Task instructions:
Number of lines below with "BUSSYSTEM": work it out and reply with that number only.

Data provided:
══════════
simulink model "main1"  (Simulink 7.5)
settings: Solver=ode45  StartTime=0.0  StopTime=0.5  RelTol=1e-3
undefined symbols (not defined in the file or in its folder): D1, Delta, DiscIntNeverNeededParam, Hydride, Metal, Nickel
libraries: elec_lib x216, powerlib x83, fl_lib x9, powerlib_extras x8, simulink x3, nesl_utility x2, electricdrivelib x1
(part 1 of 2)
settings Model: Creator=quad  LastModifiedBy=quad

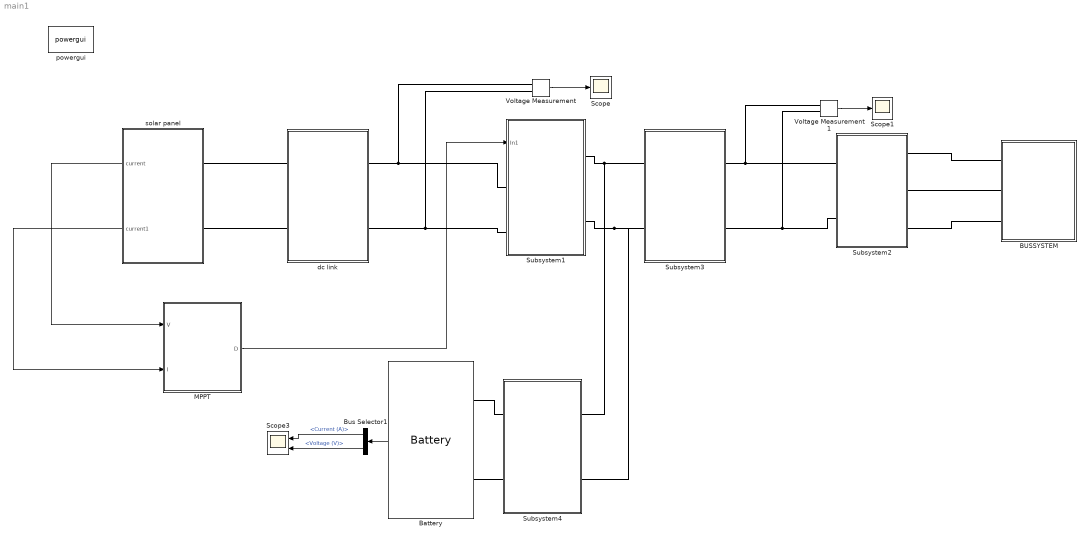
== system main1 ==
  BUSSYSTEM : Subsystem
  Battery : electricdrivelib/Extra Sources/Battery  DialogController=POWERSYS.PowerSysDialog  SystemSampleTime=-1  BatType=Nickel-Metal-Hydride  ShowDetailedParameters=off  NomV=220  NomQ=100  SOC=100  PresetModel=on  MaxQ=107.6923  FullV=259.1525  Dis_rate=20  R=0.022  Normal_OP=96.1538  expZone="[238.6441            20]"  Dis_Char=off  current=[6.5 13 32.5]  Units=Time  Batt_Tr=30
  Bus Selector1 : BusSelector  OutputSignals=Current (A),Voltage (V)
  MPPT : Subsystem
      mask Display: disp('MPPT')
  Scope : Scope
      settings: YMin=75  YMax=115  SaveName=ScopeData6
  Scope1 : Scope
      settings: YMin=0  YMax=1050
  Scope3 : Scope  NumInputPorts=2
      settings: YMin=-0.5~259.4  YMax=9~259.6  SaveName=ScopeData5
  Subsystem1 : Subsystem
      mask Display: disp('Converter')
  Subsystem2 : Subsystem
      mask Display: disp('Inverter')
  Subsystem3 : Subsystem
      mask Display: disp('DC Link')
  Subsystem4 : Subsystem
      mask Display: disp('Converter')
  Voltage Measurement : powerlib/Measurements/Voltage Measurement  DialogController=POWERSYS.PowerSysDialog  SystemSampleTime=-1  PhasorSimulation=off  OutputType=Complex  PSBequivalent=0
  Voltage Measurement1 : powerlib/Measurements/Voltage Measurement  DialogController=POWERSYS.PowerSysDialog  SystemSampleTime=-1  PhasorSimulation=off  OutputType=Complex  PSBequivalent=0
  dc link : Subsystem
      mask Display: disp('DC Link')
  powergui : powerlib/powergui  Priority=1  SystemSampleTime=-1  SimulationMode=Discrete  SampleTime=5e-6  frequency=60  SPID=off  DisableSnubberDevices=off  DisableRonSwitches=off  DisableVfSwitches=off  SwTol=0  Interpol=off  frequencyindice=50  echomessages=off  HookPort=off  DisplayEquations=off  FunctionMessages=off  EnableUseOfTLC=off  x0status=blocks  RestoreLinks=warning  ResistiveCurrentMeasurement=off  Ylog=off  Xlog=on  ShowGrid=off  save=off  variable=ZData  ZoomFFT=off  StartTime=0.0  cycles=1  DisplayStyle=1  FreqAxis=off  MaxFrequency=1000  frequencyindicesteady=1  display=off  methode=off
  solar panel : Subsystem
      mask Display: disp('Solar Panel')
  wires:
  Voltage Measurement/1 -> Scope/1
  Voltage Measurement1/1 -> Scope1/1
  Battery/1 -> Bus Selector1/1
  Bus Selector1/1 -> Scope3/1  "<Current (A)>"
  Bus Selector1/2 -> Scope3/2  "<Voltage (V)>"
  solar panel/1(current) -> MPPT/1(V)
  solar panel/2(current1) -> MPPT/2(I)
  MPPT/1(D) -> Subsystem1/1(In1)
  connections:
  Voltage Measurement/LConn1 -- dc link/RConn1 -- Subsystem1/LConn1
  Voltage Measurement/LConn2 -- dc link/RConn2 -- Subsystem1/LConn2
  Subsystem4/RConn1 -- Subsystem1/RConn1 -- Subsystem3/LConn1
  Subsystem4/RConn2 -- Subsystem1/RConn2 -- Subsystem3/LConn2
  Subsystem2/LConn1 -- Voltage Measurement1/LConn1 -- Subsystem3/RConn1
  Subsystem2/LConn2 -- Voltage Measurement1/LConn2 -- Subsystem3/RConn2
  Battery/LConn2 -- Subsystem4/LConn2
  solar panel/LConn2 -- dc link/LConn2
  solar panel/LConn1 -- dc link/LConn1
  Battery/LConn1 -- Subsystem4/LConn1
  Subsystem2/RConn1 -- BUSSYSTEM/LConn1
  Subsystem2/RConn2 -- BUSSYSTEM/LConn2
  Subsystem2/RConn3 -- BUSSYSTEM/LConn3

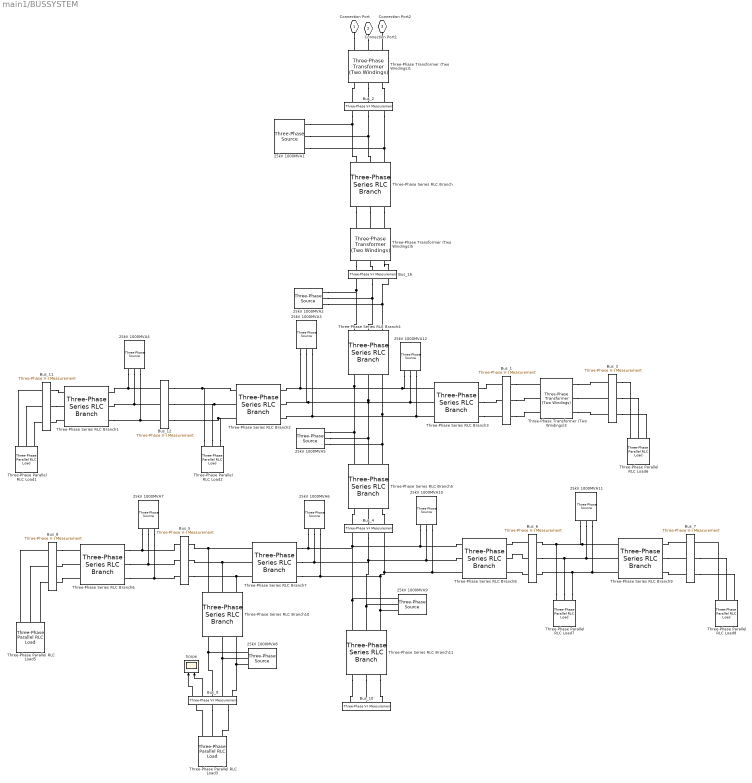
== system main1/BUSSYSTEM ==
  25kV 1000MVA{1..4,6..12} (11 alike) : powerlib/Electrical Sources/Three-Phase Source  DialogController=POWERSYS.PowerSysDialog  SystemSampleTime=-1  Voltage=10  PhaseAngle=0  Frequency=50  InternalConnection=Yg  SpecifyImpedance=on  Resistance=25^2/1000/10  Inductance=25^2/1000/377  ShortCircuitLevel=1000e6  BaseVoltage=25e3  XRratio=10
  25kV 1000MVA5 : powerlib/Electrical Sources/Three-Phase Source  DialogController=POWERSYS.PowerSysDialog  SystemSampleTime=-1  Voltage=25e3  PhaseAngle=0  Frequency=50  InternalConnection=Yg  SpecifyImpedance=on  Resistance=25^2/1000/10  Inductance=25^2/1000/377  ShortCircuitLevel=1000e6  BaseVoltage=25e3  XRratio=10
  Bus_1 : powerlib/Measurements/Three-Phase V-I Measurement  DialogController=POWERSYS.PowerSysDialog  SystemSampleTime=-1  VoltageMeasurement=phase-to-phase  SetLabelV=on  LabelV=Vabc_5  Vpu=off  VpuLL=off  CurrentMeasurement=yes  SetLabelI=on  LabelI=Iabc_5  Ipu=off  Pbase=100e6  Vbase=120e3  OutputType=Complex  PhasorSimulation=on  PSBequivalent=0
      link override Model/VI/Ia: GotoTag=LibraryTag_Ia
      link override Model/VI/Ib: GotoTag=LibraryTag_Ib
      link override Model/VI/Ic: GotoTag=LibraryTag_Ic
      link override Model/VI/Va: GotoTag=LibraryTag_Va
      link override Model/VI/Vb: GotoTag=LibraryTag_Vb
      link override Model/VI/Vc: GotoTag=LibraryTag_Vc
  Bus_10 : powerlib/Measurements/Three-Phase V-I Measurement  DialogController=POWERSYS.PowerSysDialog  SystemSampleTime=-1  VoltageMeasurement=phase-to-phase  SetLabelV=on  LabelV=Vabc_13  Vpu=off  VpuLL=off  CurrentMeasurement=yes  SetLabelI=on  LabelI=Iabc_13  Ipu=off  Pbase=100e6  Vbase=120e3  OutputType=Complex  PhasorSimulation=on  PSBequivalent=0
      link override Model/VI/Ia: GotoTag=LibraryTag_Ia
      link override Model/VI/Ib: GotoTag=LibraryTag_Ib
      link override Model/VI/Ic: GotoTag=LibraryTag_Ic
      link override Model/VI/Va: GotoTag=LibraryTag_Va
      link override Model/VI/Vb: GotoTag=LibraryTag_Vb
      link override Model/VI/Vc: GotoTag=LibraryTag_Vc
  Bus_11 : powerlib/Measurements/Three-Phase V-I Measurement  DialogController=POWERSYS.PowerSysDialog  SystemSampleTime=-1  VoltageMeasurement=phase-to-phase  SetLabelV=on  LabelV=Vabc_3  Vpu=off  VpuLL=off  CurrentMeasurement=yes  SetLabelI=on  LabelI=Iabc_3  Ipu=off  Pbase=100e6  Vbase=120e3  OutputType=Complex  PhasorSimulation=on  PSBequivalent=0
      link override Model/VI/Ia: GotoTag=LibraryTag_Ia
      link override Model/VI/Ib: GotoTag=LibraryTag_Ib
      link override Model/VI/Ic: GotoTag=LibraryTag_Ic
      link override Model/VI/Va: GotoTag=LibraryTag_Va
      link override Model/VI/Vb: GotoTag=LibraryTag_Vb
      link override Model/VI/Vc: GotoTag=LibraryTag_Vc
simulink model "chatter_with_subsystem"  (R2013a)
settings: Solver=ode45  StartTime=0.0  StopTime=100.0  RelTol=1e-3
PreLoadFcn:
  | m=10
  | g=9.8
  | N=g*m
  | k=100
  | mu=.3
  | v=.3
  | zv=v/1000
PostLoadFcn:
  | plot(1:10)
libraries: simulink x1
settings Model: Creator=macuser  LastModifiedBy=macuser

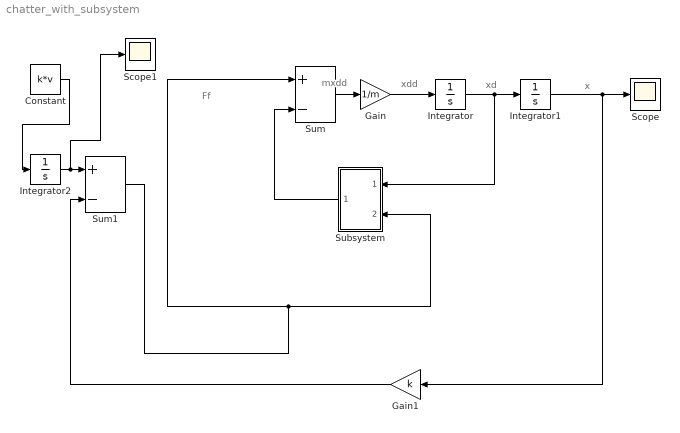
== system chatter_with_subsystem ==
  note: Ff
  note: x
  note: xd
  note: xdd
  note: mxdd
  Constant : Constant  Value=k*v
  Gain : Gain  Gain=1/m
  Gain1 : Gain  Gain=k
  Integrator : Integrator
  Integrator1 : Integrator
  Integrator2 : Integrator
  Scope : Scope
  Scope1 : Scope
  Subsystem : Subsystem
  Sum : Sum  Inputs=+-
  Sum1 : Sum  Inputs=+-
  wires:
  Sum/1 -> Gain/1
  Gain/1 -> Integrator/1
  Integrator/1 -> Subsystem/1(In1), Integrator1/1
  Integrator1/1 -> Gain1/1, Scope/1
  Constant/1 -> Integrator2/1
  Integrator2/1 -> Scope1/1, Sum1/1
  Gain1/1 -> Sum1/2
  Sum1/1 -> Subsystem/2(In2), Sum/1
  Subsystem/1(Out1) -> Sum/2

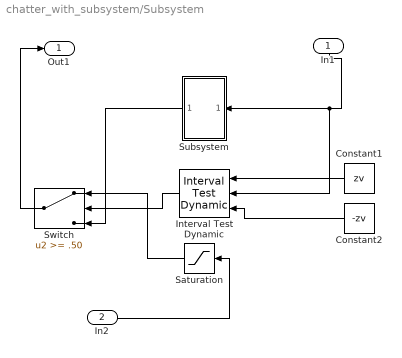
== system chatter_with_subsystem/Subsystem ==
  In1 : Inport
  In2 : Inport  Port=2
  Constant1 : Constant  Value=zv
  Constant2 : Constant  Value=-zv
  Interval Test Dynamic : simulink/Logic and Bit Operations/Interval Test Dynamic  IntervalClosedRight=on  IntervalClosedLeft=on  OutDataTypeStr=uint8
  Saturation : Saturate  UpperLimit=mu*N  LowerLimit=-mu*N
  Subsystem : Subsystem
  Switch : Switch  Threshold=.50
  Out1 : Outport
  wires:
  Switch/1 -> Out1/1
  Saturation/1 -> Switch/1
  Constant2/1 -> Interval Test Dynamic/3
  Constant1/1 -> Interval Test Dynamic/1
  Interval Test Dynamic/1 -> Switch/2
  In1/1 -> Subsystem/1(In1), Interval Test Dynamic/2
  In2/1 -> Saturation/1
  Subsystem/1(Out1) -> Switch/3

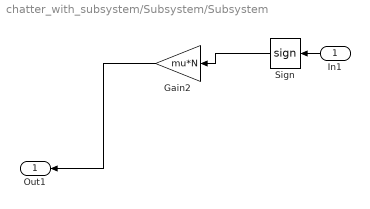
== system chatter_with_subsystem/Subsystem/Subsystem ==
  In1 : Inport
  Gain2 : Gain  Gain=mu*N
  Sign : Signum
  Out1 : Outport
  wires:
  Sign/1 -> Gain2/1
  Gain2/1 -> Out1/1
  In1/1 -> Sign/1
══════════
Result for this task:
5